SoundStage! UKSome of you might object to the notion of a hi-fi system as “a work in progress,” and up to a point, I concur. With a new system or even the purchase of a single component, you shouldn’t be thinking about anything beyond getting it home, setting it up, and looking forward to many years of musical pleasure. Unfortunately, most audiophiles are infected with a disease called “upgrade-itis,” an obsessive, near-psychotic need to renew or refresh one’s system in perpetuity. It’s what keeps the hi-fi industry going, as cars once did with the planned obsolescence of annual model changes.

But there’s a precedent which renders such behaviour profligate and masochistic: look back to the golden age of 1950 to 1970, when equipment from companies such as McIntosh, Quad, AR (Acoustic Research), Dynaco, Harman/Kardon, and many others lasted decades, with models staying in production for ten or more years without revisions that made owners feel as if their set-ups were out-of-date. Hell, Denon, Klipsch, and Ortofon have had classics in production for more than a half-century. What was good last Tuesday will still be good next Tuesday, no matter what is introduced in the interim.

Over the next few months, I’ll attempt to update what I’d buy today if I were 16, with a part-time job and a burning desire to have my first decent system, as back in 1968. The differences are that (1) I’m not at the mercy of a salesperson eager to fleece a schmuck kid; (2) I’d skip buying a receiver or tuner, as I accept that I never gave a toss about radio; and (3) the system would require one overriding virtue, in that every single component should survive the upgrade of any other, in any order.
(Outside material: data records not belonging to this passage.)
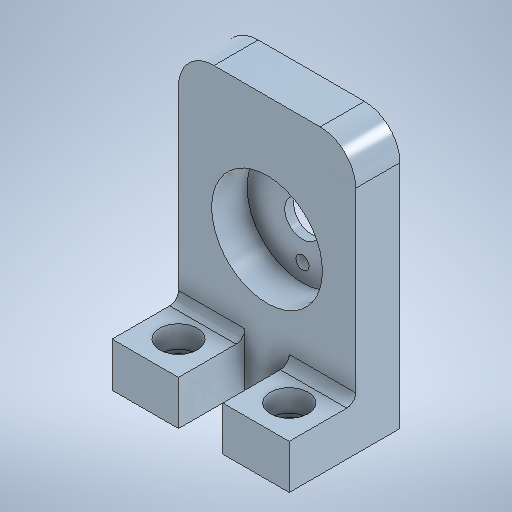
# Autodesk Inventor part: sujeción motor-acople
Saved by Autodesk Inventor 2026 (Build 300175050, 175E)
## iProperties
Created: 2025-08-26
Part Number: sujeción motor-acople
Material: Genérico
Document SubType Name: Modeling
Designer: piero
Density: 1 g/cm^3
Appearance: Valor por defecto
Author: piero
Autodesk Inventor part; units mm, degrees
ref_plane "YZ Plane" through (0, 0, 0) normal (1, 0, 0) x (0, 1, 0)
ref_plane "XZ Plane" through (0, 0, 0) normal (0, 1, 0) x (-1, 0, 0)
ref_plane "XY Plane" through (0, 0, 0) normal (0, 0, 1) x (1, 0, 0)
sketch "Boceto1" plane through (0, 0, 0) normal (0, 0, 1) x (1, 0, 0)
  line L0 (0, 0) -> (40, 0)
  line L1 (40, 0) -> (40, 60)
  line L2 (40, 60) -> (0, 60)
  line L3 (0, 60) -> (0, 0)
  circle A0 centre (20, 32) radius 4
  dimension "d0" = 40
  dimension "d1" = 60
  dimension "d2" = 8
  dimension "d31" = 32
  constraints: 8 end point, 2 parallel, 1 centre point, 1 horizontal, 1 perpendicular
  measures "d0" distance of L2.end L1.end
  measures "d1" distance of L1.end L0.end
  measures "d2" diameter of A0
  measures "d31" distance from line of A0.centre L0
extrude "Extrusión1" add sketch "Boceto1" along normal blind 10
sketch "Boceto2" plane through (0, 0, 10) normal (0, 0, 1) x (1, 0, 0)
  circle A0 centre (20, 32) radius 4 projected
  circle A1 centre (20, 32) radius 12.5
  point P0 (0, 0)
  dimension "d5" = 25
  constraints: 1 centre point, 1 coincident
  measures "d5" diameter of A1
extrude "Extrusión2" cut sketch "Boceto2" against normal blind 8
fillet "Empalme1" radius 8 2 edges at (40, 60, 5) (0, 60, 5)
sketch "Boceto4" plane through (0, 0, 0) normal (0, 0, -1) x (-1, 0, 0)
  circle A0 centre (-20, 40.5) radius 1.5
  circle A1 centre (-20, 23.5) radius 1.5
  circle A2 centre (-20, 32) radius 4 projected
  point P0 (0, 0)
  dimension "d11" = 3
  dimension "d12" = 3
  dimension "d14" = 8.5
  dimension "d15" = 17
  constraints: 2 centre point
  measures "d11" diameter of A0
  measures "d12" diameter of A1
  measures "d14" distance of A2.centre A0.centre
  measures "d15" distance of A1.centre A0.centre
extrude "Extrusión4" cut sketch "Boceto4" against normal blind 2 contours A0 | A1
sketch "Boceto5" plane through (0, 0, 10) normal (0, 0, 1) x (1, 0, 0)
  line L0 (0, 52) -> (0, 0) projected
  line L1 (0, 0) -> (15, 0)
  line L2 (15, 0) -> (15, 10)
  line L3 (15, 10) -> (0, 10)
  line L4 (0, 10) -> (0, 0)
  line L5 (40, 0) -> (40, 52) projected
  line L6 (40, 0) -> (25, 0)
  line L7 (25, 0) -> (25, 10)
  line L8 (25, 10) -> (40, 10)
  line L9 (40, 10) -> (40, 0)
  point P0 (0, 10)
  dimension "d18" = 15
  dimension "d19" = 10
  dimension "d20" = 15
  dimension "d21" = 10
  constraints: 16 end point, 4 parallel, 2 horizontal, 2 perpendicular
  measures "d18" distance of L3.end L2.end
  measures "d19" distance of L2.end L1.end
  measures "d20" distance of L7.end L8.end
  measures "d21" distance of L6.end L7.end
extrude "Extrusión5" add sketch "Boceto5" along normal blind 15
sketch "Boceto6" plane through (0, 10, 10) normal (0, 1, 0) x (1, 0, 0)
  line L0 (15, -15) -> (0, -15) projected
  line L1 (0, 0) -> (15, 0) projected
  line L2 (15, 0) -> (15, -15) projected
  circle A0 centre (7.5, -7.5) radius 3
  line L3 (25, -15) -> (40, -15) projected
  circle A1 centre (32.5, -7.5) radius 3
  circle A2 centre (7.5, -7.5) radius 4.25
  circle A3 centre (32.5, -7.5) radius 4.25
  line L4 (0, 0) -> (0, -15) projected
  line L5 (40, 0) -> (40, -15) projected
  line L6 (40, 0) -> (32, 0) projected
  point P0 (0, 10)
  point P1 (40, -7.5)
  dimension "d24" = 6
  dimension "d25" = 6
  dimension "d32" = 8.5
  dimension "d33" = 8.5
  dimension "d36" = 7.5
  dimension "d37" = 7.5
  dimension "d38" = 7.5
  dimension "d39" = 7.5
  constraints: 4 centre point, 2 coincident, 1 midpoint
  measures "d24" diameter of A0
  measures "d25" diameter of A1
  measures "d32" diameter of A2
  measures "d33" diameter of A3
  measures "d36" distance from line of A0.centre L4
  measures "d37" distance of A1.centre point (40, -7.5)
  measures "d38" distance from line of A0.centre L1
  measures "d39" distance from line of A1.centre L6
extrude "Extrusión6" cut sketch "Boceto6" against normal blind 5 contours A0 | A1
extrude "Extrusión7" cut sketch "Boceto6" against normal blind 5 contours A2 | A3
sketch "Boceto7" plane through (0, 0, 0) normal (0, -1, 0) x (1, 0, 0)
  circle A0 centre (32.5, 17.5) radius 4.25 projected
  circle A1 centre (32.5, 17.5) radius 3
  circle A2 centre (7.5, 17.5) radius 4.25 projected
  circle A3 centre (7.5, 17.5) radius 3
  point P0 (0, 0)
  dimension "d40" = 6
  dimension "d41" = 6
  constraints: 2 centre point, 2 coincident
  measures "d40" diameter of A1
  measures "d41" diameter of A3
extrude "Extrusión8" cut sketch "Boceto7" against normal blind 5 contours A1 | A3
fillet "Empalme2" radius 2 1 edges at (7.5, 10, 10)
fillet "Empalme3" radius 2 1 edges at (32.5, 10, 10)

By that, I mean the speakers should be able to do justice to a new, more powerful amp; conversely, the original amp should cope with a speaker upgrade. The phono stage and tonearm must accommodate whatever cartridges I wish to use. This is in direct contradiction to the practice first established in the UK in the 1970s by Linn, in which a buyer with, say, £600/$1500 was commanded to allot 70% of the budget to an LP12, the rest being a dirt-cheap integrated amp and a £99/$135 pair of speakers. The argument was “garbage in, garbage out.” What they didn’t tell you was that a rock-bottom amp/speaker combo hardly lets you hear an expensive front-end.

Linn

Instead, I always preferred balance. First, I set a budget which was the 2021 equivalent of $700 USD in 1968. The algorithm I used equates this to $5440 today, but I rounded it up to $6000 to provide wiggle room. As I didn’t include speaker stands, headphones, or trick cables in my initial purchase (those were the days of zip wire), the $6000 was allocated solely to source, amplification, and speakers. Moreover, I made this starter package LP-playback-only, but we’ll discuss adding digital sources later on.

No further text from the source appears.